9. Pipelined design¶
Table of Contents
- Pipeline is an important technique to increase the performance of a system.
- The basic idea is to overlap the processing of several tasks so that more tasks can be completed in the same amount of time.
9.1. Delay and throughput¶
Delay and throughput are the two criteria used to examine the performance of a system
- Delay: the time required to complete one task.
- Throughput: the number of tasks that can be completed per unit time.
Adding pipeline to a combinational circuit can increase the throughput but not reduce the delay.
9.2. Overview on pipelined design¶
The pipelining technique can be applied to a task that is processed in stages.
- An example: Pipelined laundry.
- A complete laundry includes the stages of washing, drying and folding, for example.
For non-pipelined process, a new load cannot start until the previous load is completed.
- It takes 240 minutes to complete the four loads.
- The delay of processing one load is 60 minutes.
- The throughput is 1/60 load per minute.
For pipelined process,
- It takes 120 minutes to complete the four loads.
- The delay in processing one load remains 60 minutes.
- The throughput increases to 2/60 load per minute.
- To process k loads, it will take 40+20k minutes.
- The throughput becomes k/(40+20k) load per minute -> 1/20 load per minute when k is large.
Pipelined combinational circuit
- A combinational circuit can be divided into stages so that the processing of different tasks can be overlapped.
- To ensure that the signals in each stage flow in the correct order and prevent any potential race, registers must be added between successive stages.
- The registers ensures that the signals can be passed to the next stage only at predetermined points.
Assume: propagation delay for each stage: T1, T2, T3 and T4. Tmax = max(T1, T2, T3, T4);
Thus, the minimum clock period has to accommodate the longest delay plus the overhead introduced by the buffer register in each stage: Tc = Tmax + Tr;
The effectiveness of the circuit
Propagation delay:
- non-pipelined circuit: T comb = T1+T2+T3+T4
- pipelined circuit: Tpipe = 4Tc = 4Tmax + 4Tr
Throughput:
- non-pipelined circuit: 1/T comb;
- pipelined circuit: k/(3Tc+kTc) -> 1/Tc.
Ideally, for an N-stage circuit
The propagation delay of each stage is identical (i.e., Tmax = Tcomb/N)
The register overhead (Tr) is comparably small
- T pipe = NTc = NTmax = T comb
- Throughput: 1/Tc = 1/Tmax = N/ T comb
Ideally, it is desirable to have more stages in the pipeline. However, when N becomes large,
- the propagation delay of each stage becomes smaller, but Tr remains the same; its effect cannot be ignored.

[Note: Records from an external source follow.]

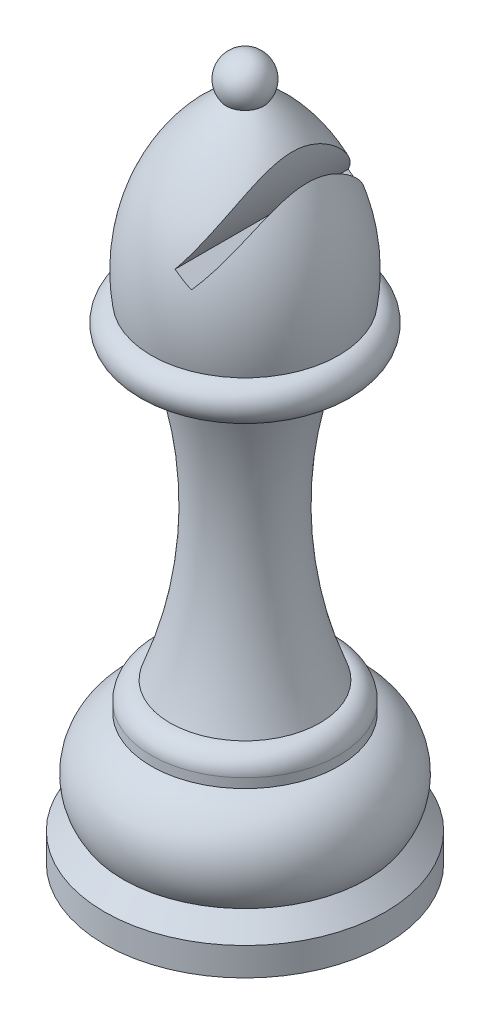
ISO-10303-21;
HEADER;
FILE_DESCRIPTION(('STEP AP214'),'2;1');
FILE_NAME('part.step','',(''),(''),'','','');
FILE_SCHEMA(('AUTOMOTIVE_DESIGN { 1 0 10303 214 1 1 1 1 }'));
ENDSEC;
DATA;
#1=APPLICATION_CONTEXT('core data for automotive mechanical design processes');
#2=APPLICATION_PROTOCOL_DEFINITION('international standard','automotive_design',2000,#1);
#3=PRODUCT_CONTEXT('',#1,'mechanical');
#4=PRODUCT('Part','Part','',(#3));
#5=PRODUCT_RELATED_PRODUCT_CATEGORY('part','',(#4));
#6=PRODUCT_DEFINITION_FORMATION('','',#4);
#7=PRODUCT_DEFINITION_CONTEXT('part definition',#1,'design');
#8=PRODUCT_DEFINITION('design','',#6,#7);
#9=PRODUCT_DEFINITION_SHAPE('','',#8);
#10=(LENGTH_UNIT() NAMED_UNIT(*) SI_UNIT(.MILLI.,.METRE.));
#11=(NAMED_UNIT(*) PLANE_ANGLE_UNIT() SI_UNIT($,.RADIAN.));
#12=(NAMED_UNIT(*) SI_UNIT($,.STERADIAN.) SOLID_ANGLE_UNIT());
#13=UNCERTAINTY_MEASURE_WITH_UNIT(LENGTH_MEASURE(1.E-05),#10,'distance_accuracy_value','');
#14=(GEOMETRIC_REPRESENTATION_CONTEXT(3) GLOBAL_UNCERTAINTY_ASSIGNED_CONTEXT((#13)) GLOBAL_UNIT_ASSIGNED_CONTEXT((#10,
#11,#12)) REPRESENTATION_CONTEXT('',''));
#15=CARTESIAN_POINT('',(0.,0.,0.));
#16=DIRECTION('',(0.,0.,1.));
#17=DIRECTION('',(1.,0.,0.));
#18=AXIS2_PLACEMENT_3D('',#15,#16,#17);
#19=CARTESIAN_POINT('',(0.,-57.54,0.));
#20=DIRECTION('',(0.,1.,0.));
#21=DIRECTION('',(0.,0.,1.));
#22=AXIS2_PLACEMENT_3D('',#19,#20,#21);
#23=TOROIDAL_SURFACE('',#22,7.99999999999999,2.);
#24=CARTESIAN_POINT('',(0.,-57.54,0.));
#25=DIRECTION('',(0.,1.,0.));
#26=DIRECTION('',(0.,0.,1.));
#27=AXIS2_PLACEMENT_3D('',#24,#25,#26);
#28=CIRCLE('',#27,9.99999999999999);
#29=CARTESIAN_POINT('',(0.,-57.54,9.99999999999999));
#30=VERTEX_POINT('',#29);
#31=EDGE_CURVE('E106',#30,#30,#28,.T.);
#32=ORIENTED_EDGE('',*,*,#31,.T.);
#33=EDGE_LOOP('',(#32));
#34=FACE_BOUND('',#33,.T.);
#35=CARTESIAN_POINT('',(0.,-55.54,0.));
#36=DIRECTION('',(0.,1.,0.));
#37=DIRECTION('',(0.,0.,1.));
#38=AXIS2_PLACEMENT_3D('',#35,#36,#37);
#39=CIRCLE('',#38,7.99999999999999);
#40=CARTESIAN_POINT('',(0.,-55.54,7.99999999999999));
#41=VERTEX_POINT('',#40);
#42=EDGE_CURVE('E74',#41,#41,#39,.T.);
#43=ORIENTED_EDGE('',*,*,#42,.F.);
#44=EDGE_LOOP('',(#43));
#45=FACE_BOUND('',#44,.T.);
#46=ADVANCED_FACE('F34',(#34,#45),#23,.T.);
#47=CARTESIAN_POINT('',(0.,9.94220309819706,0.));
#48=DIRECTION('',(0.,1.,0.));
#49=DIRECTION('',(0.,0.,1.));
#50=AXIS2_PLACEMENT_3D('',#47,#48,#49);
#51=CYLINDRICAL_SURFACE('',#50,9.99999999999999);
#52=CARTESIAN_POINT('',(0.,-58.54,0.));
#53=DIRECTION('',(0.,1.,0.));
#54=DIRECTION('',(0.,0.,1.));
#55=AXIS2_PLACEMENT_3D('',#52,#53,#54);
#56=CIRCLE('',#55,9.99999999999999);
#57=CARTESIAN_POINT('',(0.,-58.54,9.99999999999999));
#58=VERTEX_POINT('',#57);
#59=EDGE_CURVE('E103',#58,#58,#56,.T.);
#60=ORIENTED_EDGE('',*,*,#59,.T.);
#61=EDGE_LOOP('',(#60));
#62=FACE_BOUND('',#61,.T.);
#63=ORIENTED_EDGE('',*,*,#31,.F.);
#64=EDGE_LOOP('',(#63));
#65=FACE_BOUND('',#64,.T.);
#66=ADVANCED_FACE('F157',(#62,#65),#51,.T.);
#67=CARTESIAN_POINT('',(0.,-64.1961933857143,0.));
#68=DIRECTION('',(0.,1.,0.));
#69=DIRECTION('',(0.,0.,1.));
#70=AXIS2_PLACEMENT_3D('',#67,#68,#69);
#71=TOROIDAL_SURFACE('',#70,7.99813177671416,6.);
#72=CARTESIAN_POINT('',(0.,-67.51,0.));
#73=DIRECTION('',(0.,1.,0.));
#74=DIRECTION('',(0.,0.,1.));
#75=AXIS2_PLACEMENT_3D('',#72,#73,#74);
#76=CIRCLE('',#75,13.);
#77=CARTESIAN_POINT('',(0.,-67.51,13.));
#78=VERTEX_POINT('',#77);
#79=EDGE_CURVE('E100',#78,#78,#76,.T.);
#80=ORIENTED_EDGE('',*,*,#79,.T.);
#81=EDGE_LOOP('',(#80));
#82=FACE_BOUND('',#81,.T.);
#83=ORIENTED_EDGE('',*,*,#59,.F.);
#84=EDGE_LOOP('',(#83));
#85=FACE_BOUND('',#84,.T.);
#86=ADVANCED_FACE('F162',(#82,#85),#71,.T.);
#87=CARTESIAN_POINT('',(0.,-67.51,0.));
#88=DIRECTION('',(0.,-1.,0.));
#89=DIRECTION('',(0.,0.,-1.));
#90=AXIS2_PLACEMENT_3D('',#87,#88,#89);
#91=CONICAL_SURFACE('',#90,13.,0.785398163397453);
#92=CARTESIAN_POINT('',(0.,-69.51,0.));
#93=DIRECTION('',(0.,1.,0.));
#94=DIRECTION('',(0.,0.,1.));
#95=AXIS2_PLACEMENT_3D('',#92,#93,#94);
#96=CIRCLE('',#95,15.);
#97=CARTESIAN_POINT('',(0.,-69.51,15.));
#98=VERTEX_POINT('',#97);
#99=EDGE_CURVE('E92',#98,#98,#96,.T.);
#100=ORIENTED_EDGE('',*,*,#99,.T.);
#101=EDGE_LOOP('',(#100));
#102=FACE_BOUND('',#101,.T.);
#103=ORIENTED_EDGE('',*,*,#79,.F.);
#104=EDGE_LOOP('',(#103));
#105=FACE_BOUND('',#104,.T.);
#106=ADVANCED_FACE('F173',(#102,#105),#91,.T.);
#107=CARTESIAN_POINT('',(0.,9.94220309819706,0.));
#108=DIRECTION('',(0.,1.,0.));
#109=DIRECTION('',(0.,0.,1.));
#110=AXIS2_PLACEMENT_3D('',#107,#108,#109);
#111=CYLINDRICAL_SURFACE('',#110,15.);
#112=CARTESIAN_POINT('',(0.,-72.51,0.));
#113=DIRECTION('',(0.,1.,0.));
#114=DIRECTION('',(0.,0.,1.));
#115=AXIS2_PLACEMENT_3D('',#112,#113,#114);
#116=CIRCLE('',#115,15.);
#117=CARTESIAN_POINT('',(0.,-72.51,15.));
#118=VERTEX_POINT('',#117);
#119=EDGE_CURVE('E89',#118,#118,#116,.T.);
#120=ORIENTED_EDGE('',*,*,#119,.T.);
#121=EDGE_LOOP('',(#120));
#122=FACE_BOUND('',#121,.T.);
#123=ORIENTED_EDGE('',*,*,#99,.F.);
#124=EDGE_LOOP('',(#123));
#125=FACE_BOUND('',#124,.T.);
#126=ADVANCED_FACE('F179',(#122,#125),#111,.T.);
#127=CARTESIAN_POINT('',(-15.,-72.51,0.));
#128=DIRECTION('',(0.,-1.,0.));
#129=DIRECTION('',(0.,0.,-1.));
#130=AXIS2_PLACEMENT_3D('',#127,#128,#129);
#131=PLANE('',#130);
#132=ORIENTED_EDGE('',*,*,#119,.F.);
#133=EDGE_LOOP('',(#132));
#134=FACE_BOUND('',#133,.T.);
#135=ADVANCED_FACE('F183',(#134),#131,.T.);
#136=CARTESIAN_POINT('',(0.,0.,0.));
#137=DIRECTION('',(0.,1.,0.));
#138=DIRECTION('',(1.,0.,0.));
#139=AXIS2_PLACEMENT_3D('',#136,#137,#138);
#140=SPHERICAL_SURFACE('',#139,2.5);
#141=CARTESIAN_POINT('',(0.,-1.5,0.));
#142=DIRECTION('',(0.,1.,0.));
#143=DIRECTION('',(0.,0.,1.));
#144=AXIS2_PLACEMENT_3D('',#141,#142,#143);
#145=CIRCLE('',#144,2.);
#146=CARTESIAN_POINT('',(0.,-1.5,2.));
#147=VERTEX_POINT('',#146);
#148=EDGE_CURVE('E87',#147,#147,#145,.T.);
#149=ORIENTED_EDGE('',*,*,#148,.T.);
#150=EDGE_LOOP('',(#149));
#151=FACE_BOUND('',#150,.T.);
#152=ADVANCED_FACE('F80',(#151),#140,.T.);
#153=CARTESIAN_POINT('',(0.,-17.6567163069648,0.));
#154=DIRECTION('',(0.,1.,0.));
#155=DIRECTION('',(0.,0.,1.));
#156=AXIS2_PLACEMENT_3D('',#153,#154,#155);
#157=DEGENERATE_TOROIDAL_SURFACE('',#156,9.78815160134356,20.,.F.);
#158=CARTESIAN_POINT('',(3.39324244572902,-13.248729612367,-9.10852018608392));
#159=CARTESIAN_POINT('',(3.2595717966119,-13.1513035375879,-9.13482636648575));
#160=CARTESIAN_POINT('',(3.12542693965622,-13.0535318356374,-9.15742841355983));
#161=CARTESIAN_POINT('',(2.85672002664111,-12.8576843554764,-9.19519504568503));
#162=CARTESIAN_POINT('',(2.72215929474827,-12.7596095423868,-9.21037405208227));
#163=CARTESIAN_POINT('',(2.45262560632293,-12.5631594655938,-9.23336817218856));
#164=CARTESIAN_POINT('',(2.31765264166154,-12.4647841959657,-9.24118313973178));
#165=CARTESIAN_POINT('',(2.04729543465764,-12.267733896288,-9.24947444345053));
#166=CARTESIAN_POINT('',(1.91191090407078,-12.1690586561511,-9.24993640694499));
#167=CARTESIAN_POINT('',(1.77658429981895,-12.0704256357197,-9.24671953048214));
#168=B_SPLINE_CURVE_WITH_KNOTS('',3,(#158,#159,#160,#161,#162,#163,#164,#165,#166,#167),
.UNSPECIFIED.,.F.,.F.,(4,2,2,2,4),(0.,0.502414031168213,1.00384806515695,1.50529205169696,
2.00771607460314),.UNSPECIFIED.);
#169=CARTESIAN_POINT('',(3.39304244572901,-13.2485838420346,-9.10855954127141));
#170=VERTEX_POINT('',#169);
#171=CARTESIAN_POINT('',(1.77678429981895,-12.0705714060521,-9.24672428054398));
#172=VERTEX_POINT('',#171);
#173=EDGE_CURVE('E11',#170,#172,#168,.T.);
#174=ORIENTED_EDGE('',*,*,#173,.F.);
#175=CARTESIAN_POINT('',(3.39287762474508,-13.2487838420346,9.10866916223183));
#176=CARTESIAN_POINT('',(3.59065928543186,-13.0088528453584,8.97711955453691));
#177=CARTESIAN_POINT('',(3.77821557079788,-12.7664321154023,8.83506159507021));
#178=CARTESIAN_POINT('',(4.13309084565667,-12.2793995862603,8.53126278346262));
#179=CARTESIAN_POINT('',(4.30042284128863,-12.0347893050636,8.36953471679838));
#180=CARTESIAN_POINT('',(4.61583553214681,-11.5450452614372,8.02699402593315));
#181=CARTESIAN_POINT('',(4.76385112573451,-11.2999124219678,7.84612040514663));
#182=CARTESIAN_POINT('',(5.0406598808591,-10.81254584413,7.46656284991351));
#183=CARTESIAN_POINT('',(5.16944983637574,-10.5703125954712,7.26787595379106));
#184=CARTESIAN_POINT('',(5.41330190571806,-10.0821264437611,6.84509889902637));
#185=CARTESIAN_POINT('',(5.52762319377013,-9.83640303268625,6.62031627708898));
#186=CARTESIAN_POINT('',(5.73742180468711,-9.35453553032749,6.1523113082327));
#187=CARTESIAN_POINT('',(5.83289535978563,-9.11839336186774,5.90908528779958));
#188=CARTESIAN_POINT('',(6.00600711677011,-8.66017088752531,5.40443206642151));
#189=CARTESIAN_POINT('',(6.08367130929929,-8.43807043698877,5.14303212415213));
#190=CARTESIAN_POINT('',(6.2225388930289,-8.01275269376267,4.60126052951307));
#191=CARTESIAN_POINT('',(6.28375283169019,-7.80952335639987,4.32090117845341));
#192=CARTESIAN_POINT('',(6.36848576051102,-7.50869763585441,3.86241639708243));
#193=CARTESIAN_POINT('',(6.39704130959248,-7.40257169472129,3.69078072049819));
#194=CARTESIAN_POINT('',(6.4492976182802,-7.20062591601889,3.34077039440289));
#195=CARTESIAN_POINT('',(6.47299803963671,-7.10480679673173,3.16239527638936));
#196=CARTESIAN_POINT('',(6.51572898105162,-6.92560945338317,2.79932457436113));
#197=CARTESIAN_POINT('',(6.53476769472171,-6.8422095034886,2.61464073964285));
#198=CARTESIAN_POINT('',(6.56843503629945,-6.68988111318258,2.2390230613816));
#199=CARTESIAN_POINT('',(6.58306527209652,-6.62094739934054,2.0480915247777));
#200=CARTESIAN_POINT('',(6.6060185853435,-6.50993497884289,1.69293802801173));
#201=CARTESIAN_POINT('',(6.61498610671272,-6.46529622351715,1.52955902739174));
#202=CARTESIAN_POINT('',(6.630068075759,-6.38896801664939,1.1997283273432));
#203=CARTESIAN_POINT('',(6.63618392353707,-6.35727221139155,1.03327817759301));
#204=CARTESIAN_POINT('',(6.64562496656999,-6.307872655926,0.69835246569176));
#205=CARTESIAN_POINT('',(6.64895235309748,-6.29015791953277,0.529878599661379));
#206=CARTESIAN_POINT('',(6.65285854624023,-6.269325826847,0.19198944902191));
#207=CARTESIAN_POINT('',(6.65343734637262,-6.26620850498426,0.0225741621933085));
#208=CARTESIAN_POINT('',(6.65185166821324,-6.27469377614706,-0.315995635086534));
#209=CARTESIAN_POINT('',(6.6496851731339,-6.28630719088085,-0.48514986231406));
#210=CARTESIAN_POINT('',(6.64258330008858,-6.3238360941999,-0.821790243561001));
#211=CARTESIAN_POINT('',(6.63764790765,-6.34975165754031,-0.989276388856947));
#212=CARTESIAN_POINT('',(6.62495240875765,-6.41501578536894,-1.32164894466047));
#213=CARTESIAN_POINT('',(6.61718958462753,-6.4543772715669,-1.48653269417007));
#214=CARTESIAN_POINT('',(6.59876136812688,-6.54533998067559,-1.81279016712529));
#215=CARTESIAN_POINT('',(6.58809427179658,-6.59694838666272,-1.97416176975302));
#216=CARTESIAN_POINT('',(6.55867086505095,-6.73493271193583,-2.35941027467546));
#217=CARTESIAN_POINT('',(6.53839724279052,-6.82682238804541,-2.58120304062644));
#218=CARTESIAN_POINT('',(6.49149433356611,-7.02871220319607,-3.01558048397352));
#219=CARTESIAN_POINT('',(6.46486446222178,-7.13871400714002,-3.22816431259459));
#220=CARTESIAN_POINT('',(6.40478416860406,-7.37383811521088,-3.64458872137908));
#221=CARTESIAN_POINT('',(6.3713136201585,-7.49900458280458,-3.848401302605));
#222=CARTESIAN_POINT('',(6.29720889637722,-7.76137406348501,-4.24669199032426));
#223=CARTESIAN_POINT('',(6.25657480598565,-7.8985769338363,-4.44117020746823));
#224=CARTESIAN_POINT('',(6.14648820069791,-8.25064921889427,-4.91185544352306));
#225=CARTESIAN_POINT('',(6.07254351673479,-8.47130099334055,-5.18270615772814));
#226=CARTESIAN_POINT('',(5.90677777706816,-8.9280969096506,-5.70527345736642));
#227=CARTESIAN_POINT('',(5.81494846381267,-9.16424817429789,-5.95698112928992));
#228=CARTESIAN_POINT('',(5.61227848103953,-9.6472797537831,-6.44126344484155));
#229=CARTESIAN_POINT('',(5.50145429272416,-9.89415063008096,-6.67385441867144));
#230=CARTESIAN_POINT('',(5.25962960520234,-10.3950209361088,-7.11996328535031));
#231=CARTESIAN_POINT('',(5.12863508221723,-10.6490182361973,-7.3334867981423));
#232=CARTESIAN_POINT('',(4.87942778683282,-11.0995109334168,-7.69210680535139));
#233=CARTESIAN_POINT('',(4.7656744901184,-11.2951999198998,-7.84133918144583));
#234=CARTESIAN_POINT('',(4.52559764358338,-11.6874108438505,-8.12806138758332));
#235=CARTESIAN_POINT('',(4.39927695844201,-11.8839325817623,-8.26555388046172));
#236=CARTESIAN_POINT('',(4.13388603513372,-12.2763176527467,-8.52818873513225));
#237=CARTESIAN_POINT('',(3.99482694248693,-12.4721814088524,-8.653341698058));
#238=CARTESIAN_POINT('',(3.70366159518798,-12.8621607910959,-8.89081993765263));
#239=CARTESIAN_POINT('',(3.55154869076117,-13.0562754699283,-9.00313860763272));
#240=CARTESIAN_POINT('',(3.39287762474508,-13.2487838420346,-9.10866916223183));
#241=B_SPLINE_CURVE_WITH_KNOTS('',3,(#175,#176,#177,#178,#179,#180,#181,#182,#183,#184,#185,
#186,#187,#188,#189,#190,#191,#192,#193,#194,#195,#196,#197,#198,#199,#200,#201,#202,#203,#204,
#205,#206,#207,#208,#209,#210,#211,#212,#213,#214,#215,#216,#217,#218,#219,#220,#221,#222,#223,
#224,#225,#226,#227,#228,#229,#230,#231,#232,#233,#234,#235,#236,#237,#238,#239,#240),
.UNSPECIFIED.,.F.,.F.,(4,2,2,2,2,2,2,2,2,2,2,2,2,2,2,2,2,2,2,2,2,2,2,2,2,2,2,2,2,2,2,2,4),(0.,
1.01236238775747,2.02407022658224,3.03910427971063,4.05430740879688,5.10951041006697,
6.1649241391425,7.21878767361562,8.27197387813874,8.88303842014661,9.49414551967276,
10.1041706748076,10.7139730674466,11.222292135026,11.7303613670735,12.2380309647461,
12.7457017598193,13.2537457235004,13.7617923426754,14.2703285813639,14.779163827692,
15.5008036143081,16.2225097725616,16.9463706685132,17.6702229816142,18.7399899164224,
19.8102519516775,20.8795900152446,21.9486118546313,22.761456961807,23.5741172073068,
24.3860730829266,25.1984450625799),.UNSPECIFIED.);
#242=CARTESIAN_POINT('',(3.39304244572901,-13.2485838420346,9.10855954127142));
#243=VERTEX_POINT('',#242);
#244=EDGE_CURVE('E67',#243,#170,#241,.T.);
#245=ORIENTED_EDGE('',*,*,#244,.F.);
#246=CARTESIAN_POINT('',(1.77658429981895,-12.0704256357197,9.24671953048214));
#247=CARTESIAN_POINT('',(1.91191090407078,-12.1690586561511,9.24993640694499));
#248=CARTESIAN_POINT('',(2.04729543465764,-12.267733896288,9.24947444345053));
#249=CARTESIAN_POINT('',(2.31765264166154,-12.4647841959657,9.24118313973178));
#250=CARTESIAN_POINT('',(2.45262560632293,-12.5631594655938,9.23336817218856));
#251=CARTESIAN_POINT('',(2.72215929474827,-12.7596095423868,9.21037405208227));
#252=CARTESIAN_POINT('',(2.85672002664111,-12.8576843554764,9.19519504568502));
#253=CARTESIAN_POINT('',(3.12542693965622,-13.0535318356374,9.15742841355982));
#254=CARTESIAN_POINT('',(3.2595717966119,-13.1513035375879,9.13482636648575));
#255=CARTESIAN_POINT('',(3.39324244572902,-13.248729612367,9.10852018608393));
#256=B_SPLINE_CURVE_WITH_KNOTS('',3,(#246,#247,#248,#249,#250,#251,#252,#253,#254,#255),
.UNSPECIFIED.,.F.,.F.,(4,2,2,2,4),(0.,0.502424022906182,1.00386800944619,1.50530204343493,
2.00771607460314),.UNSPECIFIED.);
#257=CARTESIAN_POINT('',(1.77678429980671,-12.0705714060432,9.24672428054368));
#258=VERTEX_POINT('',#257);
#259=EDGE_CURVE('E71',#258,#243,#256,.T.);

- In reality, it is difficult to keep dividing the original combinational circuit into smaller and smaller stages.
9.3. Adding pipeline to a combinational circuit¶
The candidate circuits for effective pipeline design should include the following characteristics:
- There is enough input data to feed the pipeline circuit.
- The throughput is the main performance criterion.
- The combinational circuit can be divided into stages with similar propagation delay.
- The propagation delay of a stage is much longer than the delay incurred due to the register.
The procedure to convert a combinational circuit to a pipelined design
- Derive the block diagram of the original combinational circuit and arrange it as a cascading chain.
- Identify the major components and estimate the relative propagation delays of these components.
- Divide the chain into stages of similar propagation delays.
- identify the signals that cross the boundary of the chain.
- Insert registers for these signals in the boundary.
Examples
Simple pipelined adder-based multiplier
Non-pipelined multiplier in cascading stages
Non-pipelined circuit:
-- stage 2
pp2 <= pp1 + bp2;
-- stage 3
pp3 <= pp2 + bp3;
pipelined circuit:
-- register
if (reset = ‘1’) then
pp2_reg <= (others => ‘0’);
pp3_reg <= (others => ‘0’);
elsif (clk’event and clk=‘1’) then
pp2_reg <= pp2_next;
pp3_reg <= pp3_next;
end if;
…
-- stage 2
pp2_next <= pp1_reg + bp2;
-- stage 3
pp3_next <= pp2_reg + bp3;
Examples
Pipelined multiplier
More efficient Pipelined multiplier
- Use a smaller (n+1)-bit adder to replace the 2n-bit adder in an n-bit multiplier.
- Reduce the size of the partial-product register
- Reduce the size of the registers that hold the b signal.